> **What this task involves**
Reproduce word for word, from the entries below, the line with "Bottom 0.2: IC12.2", the line with "3V3@2 0.2: v168.06,82.32", and every line between them, and nothing more.

------ Exercise materials

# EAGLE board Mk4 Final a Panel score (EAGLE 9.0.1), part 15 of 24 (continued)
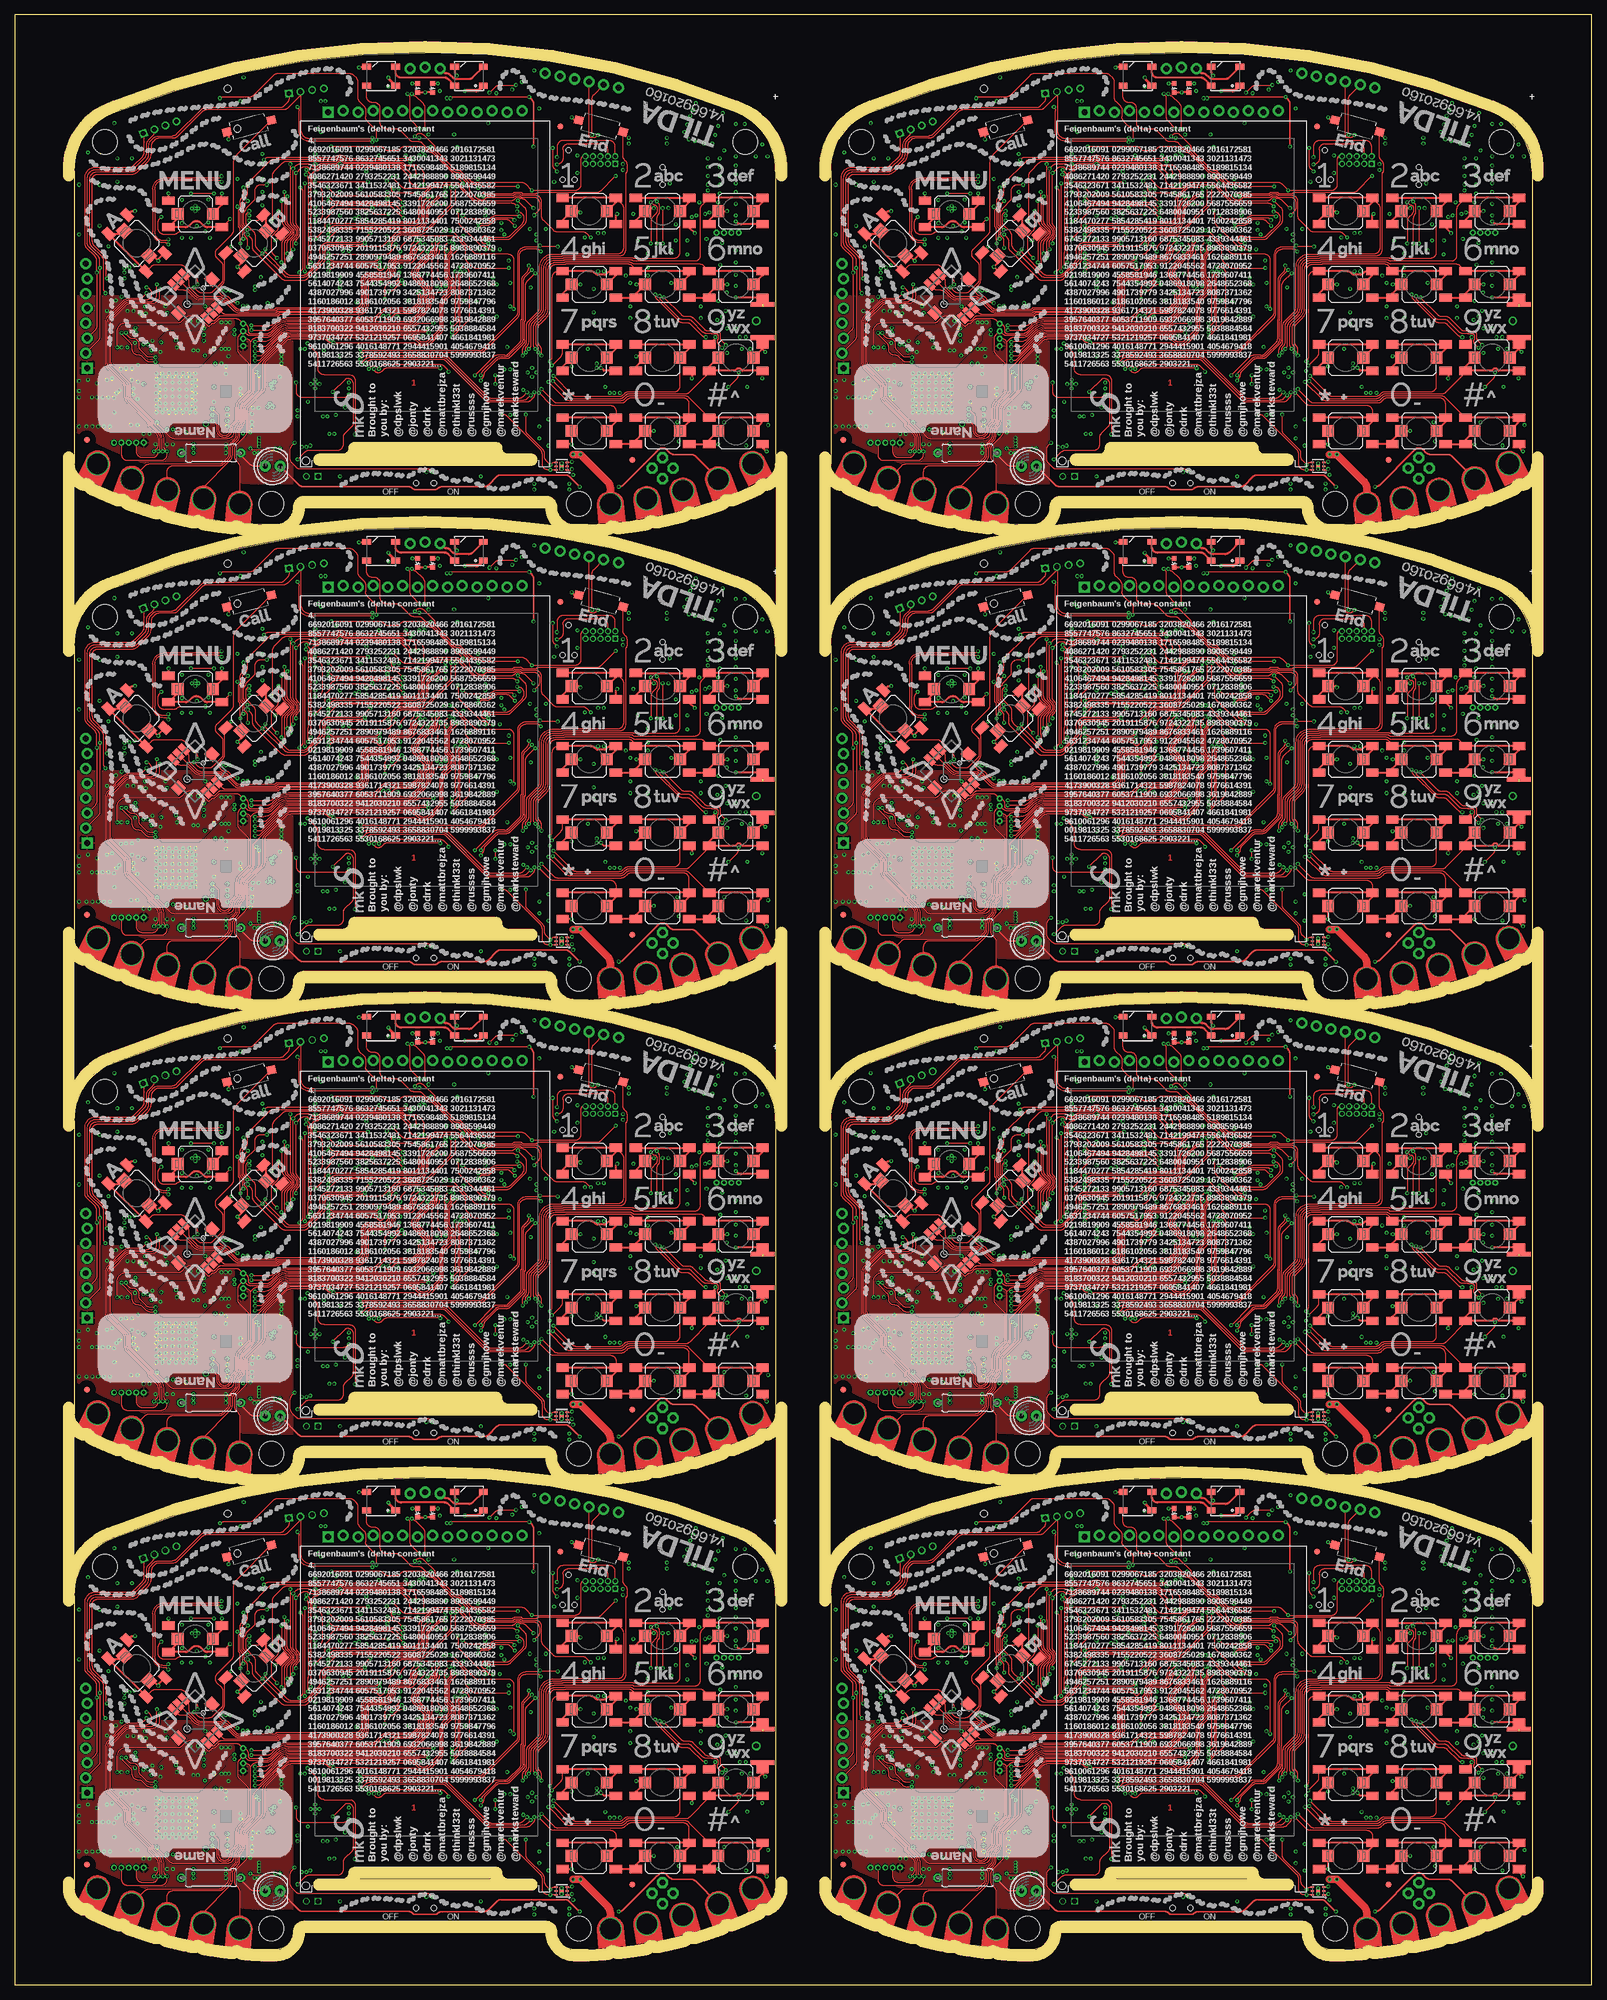
[diagram p0: board, top side]
## Tracks (layer width: path | path; a pad name or v marks a point on that pad's centre or on a via) (continued)
MIC_SWITCHED_P  (via drill 0.3)
  3V3@2 0.2: v39.06,82.32 arc-14 70,85.5 arc-7 89,84.5 arc-12 108.75,80 112,76.75 112,64.5 v111.75,64.25
  Bottom 0.2: IC12.2 103.54,60.05 arc-90 103.74,60.25 106,60.25 106.08,60.33 106.41,60.33 arc45 107.12,60.62 108.11,61.62 arc-45 108.25,61.67 108.81,61.67 arc45 109.17,61.82 109.52,62.17 arc-45 109.66,62.23 111.25,62.23 arc90 111.75,62.73 v111.75,64.25 112.5,65 113,65 113.47,65.47 S22.2 | J9.1 39.77,81.19 arc45 39.48,81.9 v39.06,82.32
MIC_SWITCHED_P1  (via drill 0.3)
  3V3@2 0.2: v168.06,82.32 arc-14 199,85.5 arc-7 218,84.5 arc-12 237.75,80 241,76.75 241,64.5 v240.75,64.25
  Bottom 0.2: IC27.2 232.54,60.05 arc-90 232.74,60.25 235,60.25 235.07,60.33 235.41,60.33 arc45 236.12,60.62 237.11,61.62 arc-45 237.25,61.67 237.81,61.67 arc45 238.17,61.82 238.51,62.17 arc-45 238.66,62.23 240.25,62.23 arc90 240.75,62.73 v240.75,64.25 241.5,65 242,65 242.47,65.47 S42.2 | J17.1 168.78,81.19 arc45 168.48,81.9 v168.06,82.32
MIC_SWITCHED_P2  (via drill 0.3)
  3V3@2 0.2: v39.06,163.32 arc-14 70,166.5 arc-7 89,165.5 arc-12 108.75,161 112,157.75 112,145.5 v111.75,145.25
  Bottom 0.2: IC45.2 103.54,141.05 arc-90 103.74,141.25 106,141.25 106.08,141.32 106.41,141.32 arc45 107.12,141.62 108.11,142.62 arc-45 108.25,142.68 108.81,142.68 arc45 109.17,142.82 109.52,143.17 arc-45 109.66,143.23 111.25,143.23 arc90 111.75,143.73 v111.75,145.25 112.5,146 113,146 113.47,146.47 S63.2 | J27.1 39.77,162.19 arc45 39.48,162.9 v39.06,163.32
MIC_SWITCHED_P3  (via drill 0.3)
  3V3@2 0.2: v168.06,163.32 arc-14 199,166.5 arc-7 218,165.5 arc-12 237.75,161 241,157.75 241,145.5 v240.75,145.25
  Bottom 0.2: IC63.2 232.54,141.05 arc-90 232.74,141.25 235,141.25 235.07,141.32 235.41,141.32 arc45 236.12,141.62 237.11,142.62 arc-45 237.25,142.68 237.81,142.68 arc45 238.17,142.82 238.51,143.17 arc-45 238.66,143.23 240.25,143.23 arc90 240.75,143.73 v240.75,145.25 241.5,146 242,146 242.47,146.47 S84.2 | J37.1 168.78,162.19 arc45 168.48,162.9 v168.06,163.32
MIC_SWITCHED_P4  (via drill 0.3)
  3V3@2 0.2: v39.06,244.32 arc-14 70,247.5 arc-7 89,246.5 arc-12 108.75,242 112,238.75 112,226.5 v111.75,226.25
  Bottom 0.2: IC81.2 103.54,222.05 arc-90 103.74,222.25 106,222.25 106.08,222.32 106.41,222.32 arc45 107.12,222.62 108.11,223.62 arc-45 108.25,223.68 108.81,223.68 arc45 109.17,223.82 109.52,224.17 arc-45 109.66,224.23 111.25,224.23 arc90 111.75,224.73 v111.75,226.25 112.5,227 113,227 113.47,227.47 S105.2 | J47.1 39.77,243.19 arc45 39.48,243.9 v39.06,244.32
MIC_SWITCHED_P5  (via drill 0.3)
  3V3@2 0.2: v168.06,244.32 arc-14 199,247.5 arc-7 218,246.5 arc-12 237.75,242 241,238.75 241,226.5 v240.75,226.25
  Bottom 0.2: IC99.2 232.54,222.05 arc-90 232.74,222.25 235,222.25 235.07,222.32 235.41,222.32 arc45 236.12,222.62 237.11,223.62 arc-45 237.25,223.68 237.81,223.68 arc45 238.17,223.82 238.51,224.17 arc-45 238.66,224.23 240.25,224.23 arc90 240.75,224.73 v240.75,226.25 241.5,227 242,227 242.47,227.47 S126.2 | J57.1 168.78,243.19 arc45 168.48,243.9 v168.06,244.32
MIC_SWITCHED_P6  (via drill 0.3)
  3V3@2 0.2: v39.06,325.32 arc-14 70,328.5 arc-7 89,327.5 arc-12 108.75,323 112,319.75 112,307.5 v111.75,307.25
  Bottom 0.2: IC117.2 103.54,303.05 arc-90 103.74,303.25 106,303.25 106.08,303.32 106.41,303.32 arc45 107.12,303.62 108.11,304.62 arc-45 108.25,304.68 108.81,304.68 arc45 109.17,304.82 109.52,305.17 arc-45 109.66,305.23 111.25,305.23 arc90 111.75,305.73 v111.75,307.25 112.5,308 113,308 113.47,308.48 S147.2 | J67.1 39.77,324.19 arc45 39.48,324.9 v39.06,325.32
MIC_SWITCHED_P7  (via drill 0.3)
  3V3@2 0.2: v168.06,325.32 arc-14 199,328.5 arc-7 218,327.5 arc-12 237.75,323 241,319.75 241,307.5 v240.75,307.25
  Bottom 0.2: IC135.2 232.54,303.05 arc-90 232.74,303.25 235,303.25 235.07,303.32 235.41,303.32 arc45 236.12,303.62 237.11,304.62 arc-45 237.25,304.68 237.81,304.68 arc45 238.17,304.82 238.51,305.17 arc-45 238.66,305.23 240.25,305.23 arc90 240.75,305.73 v240.75,307.25 241.5,308 242,308 242.47,308.48 S168.2 | J77.1 168.78,324.19 arc45 168.48,324.9 v168.06,325.32
MUX_A  (via drill 0.3)
  Top 0.15: v79.15,62.2 79.4,62.45 arc-45 79.76,62.6 79.91,62.6 arc-45 80.15,62.5 84.9,62.5 arc45 85.04,62.56 85.15,62.67 arc-45 85.29,62.73 86.31,62.73 arc-45 86.45,62.67 86.56,62.56 arc45 86.7,62.5 88.89,62.5 arc45 89.08,62.58 arc-45 89.43,62.73 99.31,62.73 arc45 100.02,63.02 v102.5,65.5
  Bottom 0.15: IC1.105 78.95,62 v79.15,62.2
  Bottom 0.2: IC12.12 102.27,65.27 v102.5,65.5 R56.1 103.54,65.29 IC12.13
MUX_A1  (via drill 0.3)
  Top 0.15: v208.15,62.2 208.4,62.45 arc-45 208.76,62.6 208.91,62.6 arc-45 209.15,62.5 213.9,62.5 arc45 214.04,62.56 214.15,62.67 arc-45 214.29,62.73 215.31,62.73 arc-45 215.45,62.67 215.56,62.56 arc45 215.7,62.5 217.89,62.5 arc45 218.08,62.58 arc-45 218.43,62.73 228.31,62.73 arc45 229.02,63.02 v231.5,65.5
  Bottom 0.15: IC20.105 207.95,62 v208.15,62.2
  Bottom 0.2: IC27.12 231.27,65.27 v231.5,65.5 R134.1 232.54,65.29 IC27.13
MUX_A2  (via drill 0.3)
  Top 0.15: v79.15,143.2 79.4,143.45 arc-45 79.76,143.6 79.91,143.6 arc-45 80.15,143.5 84.9,143.5 arc45 85.04,143.56 85.15,143.67 arc-45 85.29,143.72 86.31,143.72 arc-45 86.45,143.67 86.56,143.56 arc45 86.7,143.5 88.89,143.5 arc45 89.08,143.58 arc-45 89.43,143.72 99.31,143.72 arc45 100.02,144.02 v102.5,146.5
  Bottom 0.15: IC38.105 78.95,143 v79.15,143.2
  Bottom 0.2: IC45.12 102.27,146.27 v102.5,146.5 R212.1 103.54,146.29 IC45.13
MUX_A3  (via drill 0.3)
  Top 0.15: v208.15,143.2 208.4,143.45 arc-45 208.76,143.6 208.91,143.6 arc-45 209.15,143.5 213.9,143.5 arc45 214.04,143.56 214.15,143.67 arc-45 214.29,143.72 215.31,143.72 arc-45 215.45,143.67 215.56,143.56 arc45 215.7,143.5 217.89,143.5 arc45 218.08,143.58 arc-45 218.43,143.72 228.31,143.72 arc45 229.02,144.02 v231.5,146.5
  Bottom 0.15: IC56.105 207.95,143 v208.15,143.2
  Bottom 0.2: IC63.12 231.27,146.27 v231.5,146.5 R290.1 232.54,146.29 IC63.13
MUX_A4  (via drill 0.3)
  Top 0.15: v79.15,224.2 79.4,224.45 arc-45 79.76,224.6 79.91,224.6 arc-45 80.15,224.5 84.9,224.5 arc45 85.04,224.56 85.15,224.67 arc-45 85.29,224.72 86.31,224.72 arc-45 86.45,224.67 86.56,224.56 arc45 86.7,224.5 88.89,224.5 arc45 89.08,224.58 arc-45 89.43,224.72 99.31,224.72 arc45 100.02,225.02 v102.5,227.5
  Bottom 0.15: IC74.105 78.95,224 v79.15,224.2
  Bottom 0.2: IC81.12 102.27,227.27 v102.5,227.5 R368.1 103.54,227.29 IC81.13
MUX_A5  (via drill 0.3)
  Top 0.15: v208.15,224.2 208.4,224.45 arc-45 208.76,224.6 208.91,224.6 arc-45 209.15,224.5 213.9,224.5 arc45 214.04,224.56 214.15,224.67 arc-45 214.29,224.72 215.31,224.72 arc-45 215.45,224.67 215.56,224.56 arc45 215.7,224.5 217.89,224.5 arc45 218.08,224.58 arc-45 218.43,224.72 228.31,224.72 arc45 229.02,225.02 v231.5,227.5
  Bottom 0.15: IC92.105 207.95,224 v208.15,224.2
  Bottom 0.2: IC99.12 231.27,227.27 v231.5,227.5 R446.1 232.54,227.29 IC99.13
MUX_A6  (via drill 0.3)
  Top 0.15: v79.15,305.2 79.4,305.45 arc-45 79.76,305.6 79.91,305.6 arc-45 80.15,305.5 84.9,305.5 arc45 85.04,305.56 85.15,305.67 arc-45 85.29,305.73 86.31,305.73 arc-45 86.45,305.67 86.56,305.56 arc45 86.7,305.5 88.89,305.5 arc45 89.08,305.58 arc-45 89.43,305.73 99.31,305.73 arc45 100.02,306.02 v102.5,308.5
  Bottom 0.15: IC110.105 78.95,305 v79.15,305.2
  Bottom 0.2: IC117.12 102.27,308.27 v102.5,308.5 R524.1 103.54,308.29 IC117.13
MUX_A7  (via drill 0.3)
  Top 0.15: v208.15,305.2 208.4,305.45 arc-45 208.76,305.6 208.91,305.6 arc-45 209.15,305.5 213.9,305.5 arc45 214.04,305.56 214.15,305.67 arc-45 214.29,305.73 215.31,305.73 arc-45 215.45,305.67 215.56,305.56 arc45 215.7,305.5 217.89,305.5 arc45 218.08,305.58 arc-45 218.43,305.73 228.31,305.73 arc45 229.02,306.02 v231.5,308.5
  Bottom 0.15: IC128.105 207.95,305 v208.15,305.2
  Bottom 0.2: IC135.12 231.27,308.27 v231.5,308.5 R602.1 232.54,308.29 IC135.13
MUX_B  (via drill 0.3)
  Top 0.15: v98.25,55 97.54,55.71 arc45 96.84,56 92.51,56 arc-45 91.81,56.29 90.09,58.01 arc-45 89.8,58.71 89.8,61.2 arc90 88.8,62.2 86.57,62.2 arc-45 86.43,62.26 86.33,62.37 arc45 86.18,62.42 85.42,62.42 arc45 85.28,62.37 85.17,62.26 arc-45 85.03,62.2 80.31,62.2 arc45 79.95,62.05 v79.9,62
  Bottom 0.15: R55.2 v98.25,55 | IC1.106 79.5,61.6 v79.9,62
  Bottom 0.2: IC12.6 98.46,55.96 R55.2 98.31,55.75 arc45 99.02,56.04 99.27,56.3 99.3,56.3 99.73,56.73 IC12.5
MUX_B1  (via drill 0.3)
  Top 0.15: v227.25,55 226.54,55.71 arc45 225.84,56 221.51,56 arc-45 220.81,56.29 219.09,58.01 arc-45 218.8,58.71 218.8,61.2 arc90 217.8,62.2 215.57,62.2 arc-45 215.43,62.26 215.32,62.37 arc45 215.18,62.42 214.42,62.42 arc45 214.28,62.37 214.17,62.26 arc-45 214.03,62.2 209.31,62.2 arc45 208.95,62.05 v208.9,62
  Bottom 0.15: R133.2 v227.25,55 | IC20.106 208.5,61.6 v208.9,62
  Bottom 0.2: IC27.6 227.46,55.96 R133.2 227.31,55.75 arc45 228.01,56.04 228.27,56.3 228.3,56.3 228.73,56.73 IC27.5
MUX_B2  (via drill 0.3)
  Top 0.15: v98.25,136 97.54,136.71 arc45 96.84,137 92.51,137 arc-45 91.81,137.29 90.09,139.01 arc-45 89.8,139.71 89.8,142.2 arc90 88.8,143.2 86.57,143.2 arc-45 86.43,143.26 86.33,143.37 arc45 86.18,143.43 85.42,143.43 arc45 85.28,143.37 85.17,143.26 arc-45 85.03,143.2 80.31,143.2 arc45 79.95,143.05 v79.9,143
  Bottom 0.15: R211.2 v98.25,136 | IC38.106 79.5,142.6 v79.9,143
  Bottom 0.2: IC45.6 98.46,136.96 R211.2 98.31,136.75 arc45 99.02,137.04 99.27,137.3 99.3,137.3 99.73,137.73 IC45.5
MUX_B3  (via drill 0.3)
  Top 0.15: v227.25,136 226.54,136.71 arc45 225.84,137 221.51,137 arc-45 220.81,137.29 219.09,139.01 arc-45 218.8,139.71 218.8,142.2 arc90 217.8,143.2 215.57,143.2 arc-45 215.43,143.26 215.32,143.37 arc45 215.18,143.43 214.42,143.43 arc45 214.28,143.37 214.17,143.26 arc-45 214.03,143.2 209.31,143.2 arc45 208.95,143.05 v208.9,143
  Bottom 0.15: R289.2 v227.25,136 | IC56.106 208.5,142.6 v208.9,143
  Bottom 0.2: IC63.6 227.46,136.96 R289.2 227.31,136.75 arc45 228.01,137.04 228.27,137.3 228.3,137.3 228.73,137.73 IC63.5
MUX_B4  (via drill 0.3)
  Top 0.15: v98.25,217 97.54,217.71 arc45 96.84,218 92.51,218 arc-45 91.81,218.29 90.09,220.01 arc-45 89.8,220.71 89.8,223.2 arc90 88.8,224.2 86.57,224.2 arc-45 86.43,224.26 86.33,224.37 arc45 86.18,224.43 85.42,224.43 arc45 85.28,224.37 85.17,224.26 arc-45 85.03,224.2 80.31,224.2 arc45 79.95,224.05 v79.9,224
  Bottom 0.15: R367.2 v98.25,217 | IC74.106 79.5,223.6 v79.9,224
  Bottom 0.2: IC81.6 98.46,217.96 R367.2 98.31,217.75 arc45 99.02,218.04 99.27,218.3 99.3,218.3 99.73,218.73 IC81.5
MUX_B5  (via drill 0.3)
  Top 0.15: v227.25,217 226.54,217.71 arc45 225.84,218 221.51,218 arc-45 220.81,218.29 219.09,220.01 arc-45 218.8,220.71 218.8,223.2 arc90 217.8,224.2 215.57,224.2 arc-45 215.43,224.26 215.32,224.37 arc45 215.18,224.43 214.42,224.43 arc45 214.28,224.37 214.17,224.26 arc-45 214.03,224.2 209.31,224.2 arc45 208.95,224.05 v208.9,224
  Bottom 0.15: R445.2 v227.25,217 | IC92.106 208.5,223.6 v208.9,224
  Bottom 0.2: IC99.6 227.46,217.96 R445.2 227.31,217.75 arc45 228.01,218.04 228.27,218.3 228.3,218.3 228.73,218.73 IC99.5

------------

> **Reply**
  Bottom 0.2: IC12.2 103.54,60.05 arc-90 103.74,60.25 106,60.25 106.08,60.33 106.41,60.33 arc45 107.12,60.62 108.11,61.62 arc-45 108.25,61.67 108.81,61.67 arc45 109.17,61.82 109.52,62.17 arc-45 109.66,62.23 111.25,62.23 arc90 111.75,62.73 v111.75,64.25 112.5,65 113,65 113.47,65.47 S22.2 | J9.1 39.77,81.19 arc45 39.48,81.9 v39.06,82.32
MIC_SWITCHED_P1  (via drill 0.3)
  3V3@2 0.2: v168.06,82.32 arc-14 199,85.5 arc-7 218,84.5 arc-12 237.75,80 241,76.75 241,64.5 v240.75,64.25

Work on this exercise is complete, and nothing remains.